WORK ITEM → Every line below that holds the word "color" must be listed.

[SOURCE DATA]

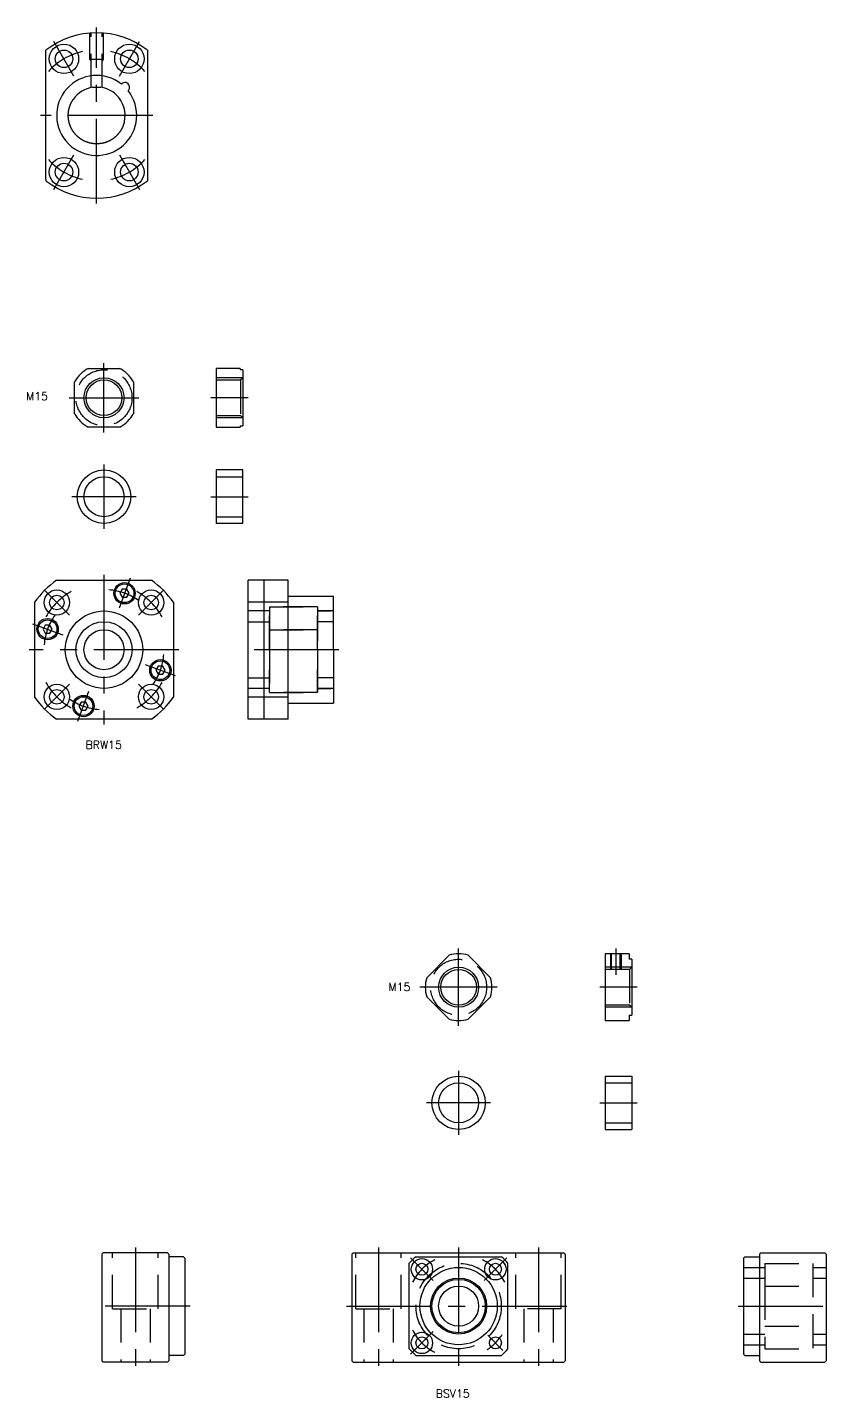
# Model space of a CAD drawing. Extents: x -103 to 743, y -47 to 479.
# Drawn here: x 441 to 743, y -34 to 479 of the extents above; entities that cross this region are included whole.
import ezdxf

# ---------------------------------------------------------------- set-up
doc = ezdxf.new("R2010")
doc.units = 0
doc.linetypes.add('CENTER', pattern=[50.8, 31.75, -6.35, 6.35, -6.35])
doc.linetypes.add('DASHED', pattern=[19.05, 12.7, -6.35])
doc.layers.get('0').update_dxf_attribs({"linetype": 'CONTINUOUS'})
doc.layers.add('CENTER', color=1, linetype='CENTER')
doc.styles.get("Standard").update_dxf_attribs({"font": 'txt.shx', "height": 3, "bigfont": 'bigfont.shx'})

msp = doc.modelspace()

# ---------------------------------------------------------------- linework, layer by layer
at = {"color": 3, "linetype": 'DASHED'}
for p, q in [((464.83, 467.29), (464.83, 477.19)), ((465.26, 456.73), (465.26, 477.22)), ((469.39, 456.73), (469.39, 477.22)), ((469.83, 477.19), (469.83, 467.29)), ((469.83, 467.29), (464.83, 467.29)), ((464.83, 467.29), (465.26, 466.54)), ((469.83, 467.29), (469.39, 466.54)), ((522.08, 347.96), (512.08, 347.96)), ((512.08, 347.15), (521.22, 347.15)), ((521.22, 347.15), (522.08, 347.96)), ((521.22, 347.15), (521.22, 333.77)), ((512.08, 333.77), (521.22, 333.77)), ((522.08, 332.96), (512.08, 332.96)), ((521.22, 333.77), (522.08, 332.96)), ((512.08, 310.89), (522.08, 310.89)), ((512.08, 295.89), (522.08, 295.89)), ((532.08, 262.04), (532.08, 253.54)), ((532.08, 246.04), (532.08, 262.04)), ((532.08, 262.04), (550.08, 262.04)), ((550.08, 262.04), (532.08, 262.04)), ((550.08, 262.04), (550.08, 253.54)), ((550.08, 262.04), (550.08, 230.04)), ((550.08, 246.04), (550.08, 262.04)), ((532.08, 260.54), (524.08, 260.54)), ((532.08, 260.54), (527.08, 260.54)), ((532.08, 260.54), (527.08, 260.54)), ((532.08, 260.54), (527.08, 260.54)), ((550.08, 260.54), (555.08, 260.54)), ((550.08, 260.54), (555.08, 260.54)), ((550.08, 260.54), (555.08, 260.54)), ((556.08, 260.54), (550.08, 260.54)), ((524.08, 256.54), (532.08, 256.54)), ((532.08, 253.54), (532.08, 238.54)), ((532.08, 253.54), (550.08, 253.54)), ((550.08, 253.54), (532.08, 253.54)), ((556.08, 256.54), (550.08, 256.54)), ((532.08, 246.04), (532.08, 230.04)), ((550.08, 246.04), (550.08, 230.04)), ((532.08, 230.04), (532.08, 238.54)), ((550.08, 230.04), (550.08, 238.54)), ((524.08, 235.54), (532.08, 235.54)), ((532.08, 231.54), (524.08, 231.54)), ((532.08, 231.54), (527.08, 231.54)), ((556.08, 235.54), (550.08, 235.54)), ((550.08, 231.54), (555.08, 231.54)), ((556.08, 231.54), (550.08, 231.54)), ((532.08, 230.04), (550.08, 230.04)), ((550.08, 230.04), (532.08, 230.04)), ((659.96, 132.02), (659.96, 126.21)), ((660.34, 126.21), (660.34, 132.02)), ((663.58, 126.21), (663.58, 132.02)), ((663.96, 132.02), (663.96, 126.21)), ((667.96, 127.02), (657.96, 127.02)), ((667.09, 126.21), (657.96, 126.21)), ((667.09, 126.21), (667.96, 127.02)), ((667.09, 126.21), (667.09, 112.83)), ((667.09, 112.83), (657.96, 112.83)), ((667.96, 112.02), (657.96, 112.02)), ((667.96, 112.02), (667.09, 112.83)), ((657.96, 83.68), (667.96, 83.68)), ((657.96, 68.68), (667.96, 68.68)), ((473.33, -1), (473.33, 20)), ((490.33, -1), (490.33, 20)), ((564.55, -1), (564.55, 20)), ((581.55, -1), (581.55, 20)), ((624.55, -1), (624.55, 20)), ((641.55, -1), (641.55, 20)), ((717.89, 16), (735.89, 16)), ((717.89, 16), (717.89, 7.5)), ((735.89, 16), (735.89, -16)), ((735.89, 16), (735.89, -16)), ((709.89, 14.5), (717.89, 14.5)), ((709.89, 10.5), (717.89, 10.5)), ((735.89, 14.5), (740.89, 14.5)), ((735.89, 10.5), (740.89, 10.5)), ((717.89, 7.5), (717.89, -16)), ((717.89, 7.5), (735.89, 7.5)), ((473.33, -1), (490.33, -1)), ((476.33, -1), (476.33, -21)), ((487.33, -1), (487.33, -21)), ((564.55, -1), (581.55, -1)), ((567.55, -1), (567.55, -21)), ((578.55, -1), (578.55, -21)), ((641.55, -1), (624.55, -1)), ((627.55, -1), (627.55, -21)), ((638.55, -1), (638.55, -21)), ((717.89, -7.5), (735.89, -7.5)), ((709.89, -10.5), (717.89, -10.5)), ((709.89, -14.5), (717.89, -14.5)), ((735.89, -10.5), (740.89, -10.5)), ((735.89, -14.5), (740.89, -14.5)), ((717.89, -16), (735.89, -16)), ((476.33, -20.99), (476.33, -21)), ((487.33, -20.99), (487.33, -21)), ((722.89, -20.99), (722.89, -21)), ((733.89, -20.99), (733.89, -21))]:
    msp.add_line(p, q, dxfattribs=at)
at = {"color": 7, "linetype": 'CONTINUOUS'}
for p, q in [((448.33, 470.15), (448.33, 470.78)), ((448.33, 422.43), (448.33, 470.15)), ((486.33, 470.78), (486.33, 470.15)), ((486.33, 470.15), (486.33, 422.43)), ((448.33, 422.43), (448.33, 421.79)), ((486.33, 422.43), (486.33, 421.79)), ((464.14, 351.46), (476.02, 351.46)), ((512.08, 351.46), (512.08, 329.46)), ((521.08, 351.46), (512.08, 351.46)), ((521.08, 351.46), (521.08, 350.96)), ((522.08, 350.96), (521.08, 350.96)), ((522.08, 350.96), (522.08, 329.96)), ((459.08, 334.52), (459.08, 346.4)), ((481.08, 346.4), (481.08, 334.52)), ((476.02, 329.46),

[/SOURCE DATA]

RESPONSE BELOW →
doc.layers.add('CENTER', color=1, linetype='CENTER')
at = {"color": 3, "linetype": 'DASHED'}
at = {"color": 7, "linetype": 'CONTINUOUS'}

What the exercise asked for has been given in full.